D’ailleurs, ce mythe ridicule vaut même si la morsure n’a occasionné aucune lésion.
Il est donc important de rappeler qu’un chien qui mord n’est pas « timbré » ni « foutu »… c’est juste un chien ! Tous peuvent mordre si la situation les y oblige (ils ont tous des dents ainsi qu’une sensibilité et un seuil de tolérance qui leur est propre). De plus, bien souvent l’animal prévient (mais ses signaux ne sont pas pris en compte voire réprimés). Une conduite agressive est codifiée et ritualisée, c’est-à-dire qu’elle se déroule toujours de la même manière, ce qui la rend prévisible. Elle se déroule en trois étapes :
* La menace
Elle sert à impressionner un individu et à éviter l’attaque. Grognement, gencives découvertes, mydriase (dilatation des pupilles), raidissement des membres, piloérection… l’animal prévient l’autre de cesser immédiatement ce qu’il est en train de faire. En cas d’inefficacité, la menace est mise à exécution par la morsure.
Cette phase peut être supprimée si l’animal est pris de panique, souffre, s’il a été dressé au « mordant », si elle n’a jamais été prise en considération ou s’il n’a pas bénéficié des conditions de développement précoce adéquates.
* Le passage à l’acte : la morsure
Si sa menace s’est avérée inefficace, le chien passe à l’étape suivante : la morsure (prise en gueule plus ou moins fortement tenue, dosée et lâchée en fonction de la situation et de l’autre). La morsure n’est pas faite pour tuer (sauf pour les cas de dressage au « mordant » ou dans la poursuite, saisie et morsure dite « délabrante » d’une proie).
* L’apaisement
Le vainqueur pose sa patte sur l’autre ou le lèche : cela indique la fin du combat et signale le retour à la paix.

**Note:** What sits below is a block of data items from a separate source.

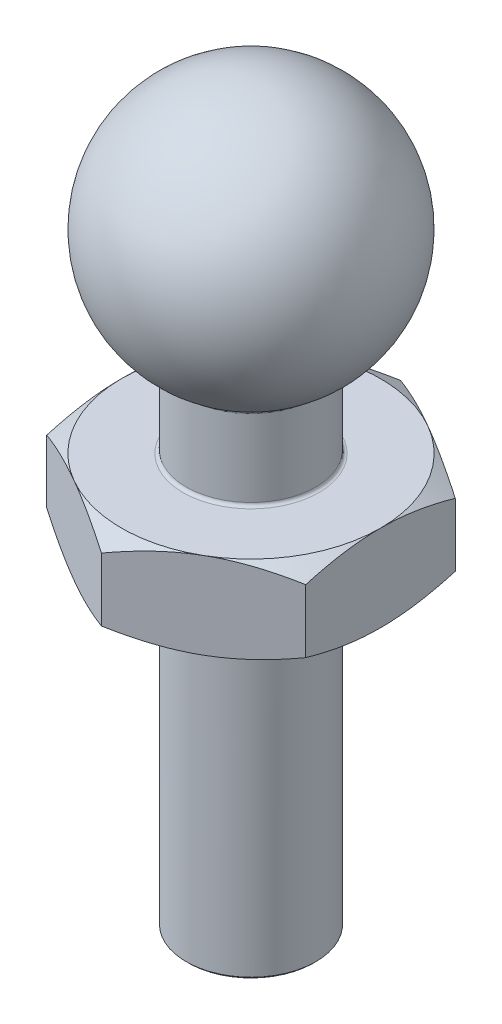
ISO-10303-21;
HEADER;
FILE_DESCRIPTION(('STEP AP214'),'2;1');
FILE_NAME('part.step','',(''),(''),'','','');
FILE_SCHEMA(('AUTOMOTIVE_DESIGN { 1 0 10303 214 1 1 1 1 }'));
ENDSEC;
DATA;
#1=APPLICATION_CONTEXT('core data for automotive mechanical design processes');
#2=APPLICATION_PROTOCOL_DEFINITION('international standard','automotive_design',2000,#1);
#3=PRODUCT_CONTEXT('',#1,'mechanical');
#4=PRODUCT('Part','Part','',(#3));
#5=PRODUCT_RELATED_PRODUCT_CATEGORY('part','',(#4));
#6=PRODUCT_DEFINITION_FORMATION('','',#4);
#7=PRODUCT_DEFINITION_CONTEXT('part definition',#1,'design');
#8=PRODUCT_DEFINITION('design','',#6,#7);
#9=PRODUCT_DEFINITION_SHAPE('','',#8);
#10=(LENGTH_UNIT() NAMED_UNIT(*) SI_UNIT(.MILLI.,.METRE.));
#11=(NAMED_UNIT(*) PLANE_ANGLE_UNIT() SI_UNIT($,.RADIAN.));
#12=(NAMED_UNIT(*) SI_UNIT($,.STERADIAN.) SOLID_ANGLE_UNIT());
#13=UNCERTAINTY_MEASURE_WITH_UNIT(LENGTH_MEASURE(1.E-05),#10,'distance_accuracy_value','');
#14=(GEOMETRIC_REPRESENTATION_CONTEXT(3) GLOBAL_UNCERTAINTY_ASSIGNED_CONTEXT((#13)) GLOBAL_UNIT_ASSIGNED_CONTEXT((#10,
#11,#12)) REPRESENTATION_CONTEXT('',''));
#15=CARTESIAN_POINT('',(0.,0.,0.));
#16=DIRECTION('',(0.,0.,1.));
#17=DIRECTION('',(1.,0.,0.));
#18=AXIS2_PLACEMENT_3D('',#15,#16,#17);
#19=CARTESIAN_POINT('',(0.,9.5,-3.46410161513776));
#20=DIRECTION('',(0.5,0.,0.866025403784439));
#21=DIRECTION('',(0.866025403784439,0.,-0.5));
#22=AXIS2_PLACEMENT_3D('',#19,#20,#21);
#23=PLANE('',#22);
#24=CARTESIAN_POINT('',(0.000200000000000843,9.23198413756899,-3.46421708519159));
#25=CARTESIAN_POINT('',(-0.131635206588331,9.27594629554769,-3.38810199317915));
#26=CARTESIAN_POINT('',(-0.264608405355248,9.31592841370737,-3.31132988107606));
#27=CARTESIAN_POINT('',(-0.532857420002055,9.38571791955454,-3.15645624025988));
#28=CARTESIAN_POINT('',(-0.668138002634341,9.41550061773462,-3.078351959461));
#29=CARTESIAN_POINT('',(-0.937022602096483,9.46186216078874,-2.92311136358059));
#30=CARTESIAN_POINT('',(-1.07058524542946,9.47874955887705,-2.84599893549861));
#31=CARTESIAN_POINT('',(-1.33833905729569,9.49891035755148,-2.6914112001411));
#32=CARTESIAN_POINT('',(-1.47252925247984,9.50220045221892,-2.61393645482892));
#33=CARTESIAN_POINT('',(-1.72327559769581,9.49535946911461,-2.46916798492017));
#34=CARTESIAN_POINT('',(-1.83986926497268,9.48690808580738,-2.40185259973206));
#35=CARTESIAN_POINT('',(-2.07229698497464,9.46012105699296,-2.2676603930218));
#36=CARTESIAN_POINT('',(-2.18813023365133,9.44177625913829,-2.2007840357172));
#37=CARTESIAN_POINT('',(-2.42103725705637,9.39591524914667,-2.06631510305815));
#38=CARTESIAN_POINT('',(-2.53808155051394,9.36820461473692,-1.99873954872331));
#39=CARTESIAN_POINT('',(-2.77042435049913,9.3053122048626,-1.86459637060759));
#40=CARTESIAN_POINT('',(-2.88572583417111,9.27014520897844,-1.79802702797161));
#41=CARTESIAN_POINT('',(-3.0002,9.23198413756899,-1.73193533751504));
#42=B_SPLINE_CURVE_WITH_KNOTS('',3,(#24,#25,#26,#27,#28,#29,#30,#31,#32,#33,#34,#35,#36,#37,#38,
#39,#40,#41),.UNSPECIFIED.,.F.,.F.,(4,2,2,2,2,2,2,2,4),(0.,0.475539830103041,0.952222784107964,
1.41710776961288,1.88142182298026,2.28572436316091,2.69040156475039,3.10405572063576,
3.5168974940707),.UNSPECIFIED.);
#43=CARTESIAN_POINT('',(0.,9.23205080756888,-3.46410161513776));
#44=VERTEX_POINT('',#43);
#45=CARTESIAN_POINT('',(-1.5,9.5,-2.59807621135332));
#46=VERTEX_POINT('',#45);
#47=EDGE_CURVE('E182',#44,#46,#42,.T.);
#48=ORIENTED_EDGE('',*,*,#47,.F.);
#49=DIRECTION('',(0.,-1.,0.));
#50=VECTOR('',#49,1.);
#51=CARTESIAN_POINT('',(0.,9.5,-3.46410161513776));
#52=LINE('',#51,#50);
#53=CARTESIAN_POINT('',(0.,7.76794919243112,-3.46410161513776));
#54=VERTEX_POINT('',#53);
#55=EDGE_CURVE('E652',#44,#54,#52,.T.);
#56=ORIENTED_EDGE('',*,*,#55,.T.);
#57=CARTESIAN_POINT('',(-3.0002,7.76801586243101,-1.73193533751504));
#58=CARTESIAN_POINT('',(-2.86836479341167,7.72405370445231,-1.80805042952748));
#59=CARTESIAN_POINT('',(-2.73539159464475,7.68407158629263,-1.88482254163057));
#60=CARTESIAN_POINT('',(-2.46714257999794,7.61428208044547,-2.03969618244675));
#61=CARTESIAN_POINT('',(-2.33186199736566,7.58449938226538,-2.11780046324563));
#62=CARTESIAN_POINT('',(-2.06297739790352,7.53813783921126,-2.27304105912605));
#63=CARTESIAN_POINT('',(-1.92941475457054,7.52125044112295,-2.35015348720802));
#64=CARTESIAN_POINT('',(-1.66166094270431,7.50108964244852,-2.50474122256553));
#65=CARTESIAN_POINT('',(-1.52747074752016,7.49779954778108,-2.58221596787771));
#66=CARTESIAN_POINT('',(-1.27672440230419,7.50464053088539,-2.72698443778646));
#67=CARTESIAN_POINT('',(-1.16013073502732,7.51309191419262,-2.79429982297457));
#68=CARTESIAN_POINT('',(-0.927703015025364,7.53987894300703,-2.92849202968483));
#69=CARTESIAN_POINT('',(-0.811869766348669,7.55822374086171,-2.99536838698943));
#70=CARTESIAN_POINT('',(-0.578962742943632,7.60408475085333,-3.12983731964848));
#71=CARTESIAN_POINT('',(-0.461918449486059,7.63179538526308,-3.19741287398332));
#72=CARTESIAN_POINT('',(-0.229575649500875,7.6946877951374,-3.33155605209904));
#73=CARTESIAN_POINT('',(-0.114274165828894,7.72985479102156,-3.39812539473502));
#74=CARTESIAN_POINT('',(0.00020000000000043,7.76801586243101,-3.46421708519159));
#75=B_SPLINE_CURVE_WITH_KNOTS('',3,(#57,#58,#59,#60,#61,#62,#63,#64,#65,#66,#67,#68,#69,#70,#71,
#72,#73,#74),.UNSPECIFIED.,.F.,.F.,(4,2,2,2,2,2,2,2,4),(0.,0.47553983010304,0.952222784107964,
1.41710776961288,1.88142182298026,2.28572436316091,2.69040156475039,3.10405572063576,
3.5168974940707),.UNSPECIFIED.);
#76=CARTESIAN_POINT('',(-1.5,7.5,-2.59807621135332));
#77=VERTEX_POINT('',#76);
#78=EDGE_CURVE('E595',#77,#54,#75,.T.);
#79=ORIENTED_EDGE('',*,*,#78,.F.);
#80=CARTESIAN_POINT('',(-3.,7.76794919243112,-1.73205080756888));
#81=VERTEX_POINT('',#80);
#82=EDGE_CURVE('E601',#81,#77,#75,.T.);
#83=ORIENTED_EDGE('',*,*,#82,.F.);
#84=DIRECTION('',(0.,-1.,0.));
#85=VECTOR('',#84,1.);
#86=CARTESIAN_POINT('',(-3.,9.5,-1.73205080756888));
#87=LINE('',#86,#85);
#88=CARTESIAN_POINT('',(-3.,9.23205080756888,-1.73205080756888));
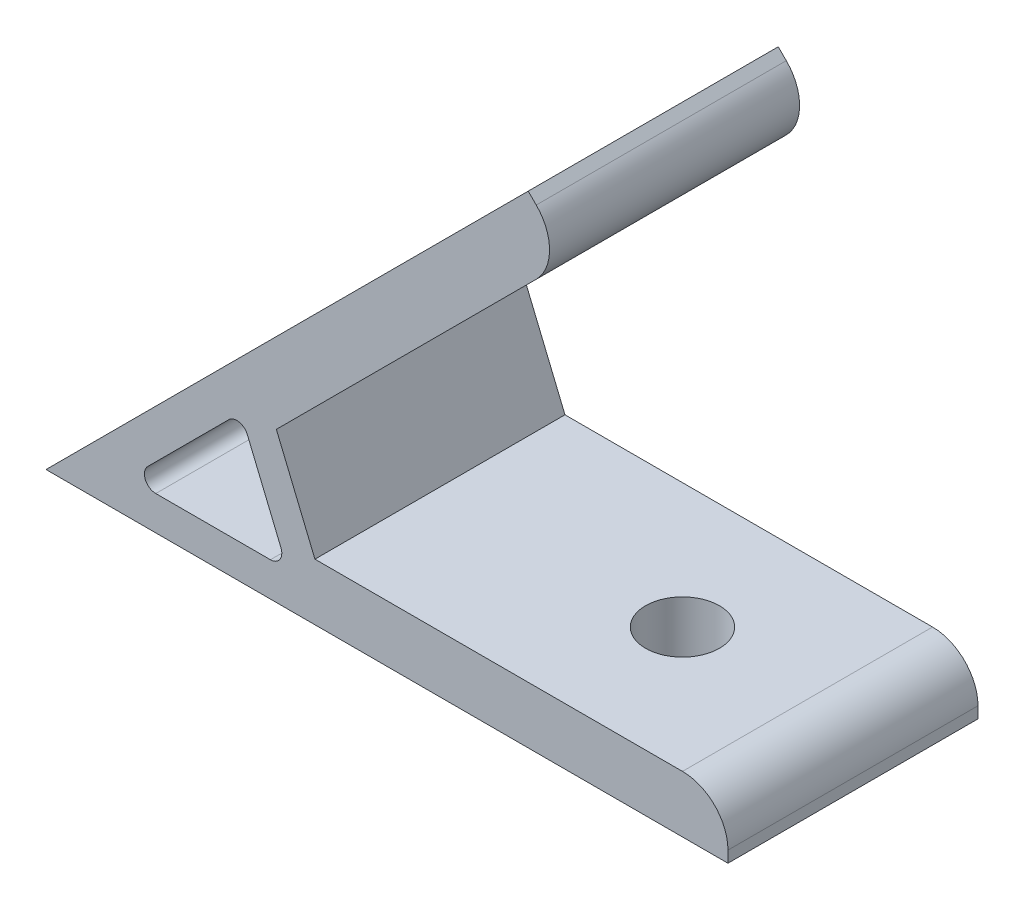
ISO-10303-21;
HEADER;
FILE_DESCRIPTION(('STEP AP214'),'2;1');
FILE_NAME('part.step','',(''),(''),'','','');
FILE_SCHEMA(('AUTOMOTIVE_DESIGN { 1 0 10303 214 1 1 1 1 }'));
ENDSEC;
DATA;
#1=APPLICATION_CONTEXT('core data for automotive mechanical design processes');
#2=APPLICATION_PROTOCOL_DEFINITION('international standard','automotive_design',2000,#1);
#3=PRODUCT_CONTEXT('',#1,'mechanical');
#4=PRODUCT('Part','Part','',(#3));
#5=PRODUCT_RELATED_PRODUCT_CATEGORY('part','',(#4));
#6=PRODUCT_DEFINITION_FORMATION('','',#4);
#7=PRODUCT_DEFINITION_CONTEXT('part definition',#1,'design');
#8=PRODUCT_DEFINITION('design','',#6,#7);
#9=PRODUCT_DEFINITION_SHAPE('','',#8);
#10=(LENGTH_UNIT() NAMED_UNIT(*) SI_UNIT(.MILLI.,.METRE.));
#11=(NAMED_UNIT(*) PLANE_ANGLE_UNIT() SI_UNIT($,.RADIAN.));
#12=(NAMED_UNIT(*) SI_UNIT($,.STERADIAN.) SOLID_ANGLE_UNIT());
#13=UNCERTAINTY_MEASURE_WITH_UNIT(LENGTH_MEASURE(1.E-05),#10,'distance_accuracy_value','');
#14=(GEOMETRIC_REPRESENTATION_CONTEXT(3) GLOBAL_UNCERTAINTY_ASSIGNED_CONTEXT((#13)) GLOBAL_UNIT_ASSIGNED_CONTEXT((#10,
#11,#12)) REPRESENTATION_CONTEXT('',''));
#15=CARTESIAN_POINT('',(0.,0.,0.));
#16=DIRECTION('',(0.,0.,1.));
#17=DIRECTION('',(1.,0.,0.));
#18=AXIS2_PLACEMENT_3D('',#15,#16,#17);
#19=CARTESIAN_POINT('',(0.,0.,11.));
#20=DIRECTION('',(0.,0.,1.));
#21=DIRECTION('',(1.,0.,0.));
#22=AXIS2_PLACEMENT_3D('',#19,#20,#21);
#23=PLANE('',#22);
#24=DIRECTION('',(0.,1.,0.));
#25=VECTOR('',#24,1.);
#26=CARTESIAN_POINT('',(60.,5.,11.));
#27=LINE('',#26,#25);
#28=CARTESIAN_POINT('',(60.,0.,11.));
#29=VERTEX_POINT('',#28);
#30=CARTESIAN_POINT('',(60.,1.,11.));
#31=VERTEX_POINT('',#30);
#32=EDGE_CURVE('E142',#29,#31,#27,.T.);
#33=ORIENTED_EDGE('',*,*,#32,.T.);
#34=CARTESIAN_POINT('',(56.,1.,11.));
#35=DIRECTION('',(0.,0.,1.));
#36=DIRECTION('',(1.,0.,0.));
#37=AXIS2_PLACEMENT_3D('',#34,#35,#36);
#38=CIRCLE('',#37,4.);
#39=CARTESIAN_POINT('',(56.,5.,11.));
#40=VERTEX_POINT('',#39);
#41=EDGE_CURVE('E184',#31,#40,#38,.T.);
#42=ORIENTED_EDGE('',*,*,#41,.T.);
#43=DIRECTION('',(-1.,0.,0.));
#44=VECTOR('',#43,1.);
#45=CARTESIAN_POINT('',(23.6613901632503,5.,11.));
#46=LINE('',#45,#44);
#47=CARTESIAN_POINT('',(23.6613901632503,5.,11.));
#48=VERTEX_POINT('',#47);
#49=EDGE_CURVE('E153',#40,#48,#46,.T.);
#50=ORIENTED_EDGE('',*,*,#49,.T.);
#51=DIRECTION('',(-0.382683432365087,0.923879532511288,0.));
#52=VECTOR('',#51,1.);
#53=CARTESIAN_POINT('',(20.2666633426678,13.1955955308021,11.));
#54=LINE('',#53,#52);
#55=CARTESIAN_POINT('',(20.2666633426678,13.1955955308021,11.));
#56=VERTEX_POINT('',#55);
#57=EDGE_CURVE('E244',#48,#56,#54,.T.);
#58=ORIENTED_EDGE('',*,*,#57,.T.);
#59=DIRECTION('',(0.707106781186551,0.707106781186544,0.));
#60=VECTOR('',#59,1.);
#61=CARTESIAN_POINT('',(45.9619407771258,38.8908729652599,11.));
#62=LINE('',#61,#60);
#63=CARTESIAN_POINT('',(43.1335136523796,36.0624458405137,11.));
#64=VERTEX_POINT('',#63);
#65=EDGE_CURVE('E246',#56,#64,#62,.T.);
#66=ORIENTED_EDGE('',*,*,#65,.T.);
#67=CARTESIAN_POINT('',(40.3050865276334,38.8908729652599,11.));
#68=DIRECTION('',(0.,0.,1.));
#69=DIRECTION('',(1.,0.,0.));
#70=AXIS2_PLACEMENT_3D('',#67,#68,#69);
#71=CIRCLE('',#70,4.);
#72=CARTESIAN_POINT('',(43.1335136523796,41.7193000900061,11.));
#73=VERTEX_POINT('',#72);
#74=EDGE_CURVE('E182',#64,#73,#71,.T.);
#75=ORIENTED_EDGE('',*,*,#74,.T.);
#76=DIRECTION('',(-0.707106781186543,0.707106781186552,0.));
#77=VECTOR('',#76,1.);
#78=CARTESIAN_POINT('',(42.4264068711931,42.4264068711926,11.));
#79=LINE('',#78,#77);
#80=CARTESIAN_POINT('',(42.4264068711931,42.4264068711926,11.));
#81=VERTEX_POINT('',#80);
#82=EDGE_CURVE('E249',#73,#81,#79,.T.);
#83=ORIENTED_EDGE('',*,*,#82,.T.);
#84=DIRECTION('',(-0.707106781186551,-0.707106781186544,0.));
#85=VECTOR('',#84,1.);
#86=CARTESIAN_POINT('',(0.,0.,11.));
#87=LINE('',#86,#85);
#88=CARTESIAN_POINT('',(0.,0.,11.));
#89=VERTEX_POINT('',#88);
#90=EDGE_CURVE('E158',#81,#89,#87,.T.);
#91=ORIENTED_EDGE('',*,*,#90,.T.);
#92=DIRECTION('',(1.,0.,0.));
#93=VECTOR('',#92,1.);
#94=CARTESIAN_POINT('',(60.,0.,11.));
#95=LINE('',#94,#93);
#96=EDGE_CURVE('E154',#89,#29,#95,.T.);
#97=ORIENTED_EDGE('',*,*,#96,.T.);
#98=EDGE_LOOP('',(#33,#42,#50,#58,#66,#75,#83,#91,#97));
#99=FACE_BOUND('',#98,.T.);
#100=DIRECTION('',(1.,0.,0.));
#101=VECTOR('',#100,1.);
#102=CARTESIAN_POINT('',(21.2426406871194,3.,11.));
#103=LINE('',#102,#101);
#104=CARTESIAN_POINT('',(9.65685424949248,3.,11.));
#105=VERTEX_POINT('',#104);
#106=CARTESIAN_POINT('',(19.7460349244539,3.,11.));
#107=VERTEX_POINT('',#106);
#108=EDGE_CURVE('E229',#105,#107,#103,.T.);
#109=ORIENTED_EDGE('',*,*,#108,.F.);
#110=CARTESIAN_POINT('',(9.65685424949247,4.,11.));
#111=DIRECTION('',(0.,0.,1.));
#112=DIRECTION('',(1.,0.,0.));
#113=AXIS2_PLACEMENT_3D('',#110,#111,#112);
#114=CIRCLE('',#113,1.);
#115=CARTESIAN_POINT('',(8.94974746830593,4.70710678118655,11.));
#116=VERTEX_POINT('',#115);
#117=EDGE_CURVE('E211',#105,#116,#114,.F.);
#118=ORIENTED_EDGE('',*,*,#117,.T.);
#119=DIRECTION('',(-0.707106781186551,-0.707106781186544,0.));
#120=VECTOR('',#119,1.);
#121=CARTESIAN_POINT('',(7.24264068711936,3.,11.));
#122=LINE('',#121,#120);
#123=CARTESIAN_POINT('',(16.0838755401874,11.841234853068,11.));
#124=VERTEX_POINT('',#123);
#125=EDGE_CURVE('E226',#124,#116,#122,.T.);
#126=ORIENTED_EDGE('',*,*,#125,.F.);
#127=CARTESIAN_POINT('',(16.790982321374,11.1341280718814,11.));
#128=DIRECTION('',(0.,0.,1.));
#129=DIRECTION('',(1.,0.,0.));
#130=AXIS2_PLACEMENT_3D('',#127,#128,#129);
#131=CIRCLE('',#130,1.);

Donc si votre animal s’est battu avec un congénère, s’il a mordu voire tué un autre animal par prédation (surtout si sa race l’y prédispose), s’il s’est retourné contre vous alors que vous le réprimandiez, s’il s’en est pris à l’individu le plus proche car surpris pendant son sommeil, s’il a mordu parce que la situation lui a fait peur ou mal, s’il est passé à l’attaque après avoir menacé ou si personne n’a jamais tenu compte de ses menaces, il ne s’est pas brutalement métamorphosé en monstre sanguinaire avide de sang pour autant, il s’est juste comporté en chien…
* Les survivants du drame de la cordillère des Andes ont été contraints de se repaître des restes humains des victimes de l’accident pour survivre, ont-ils pris goût au sang pour autant ?
* Pourquoi y a-t-il plus d’euthanasies de gros chiens ? Uniquement parce que les petits ne font « que » mordre, que les gens ne craignent pas pour leur vie et que les dégâts sont moindres (quoique…). Mais pourtant ces petits chiens-là goûtent au sang eux aussi. Sont-ils eux aussi des êtres sanguinaires qu’il faut tuer d’urgence ?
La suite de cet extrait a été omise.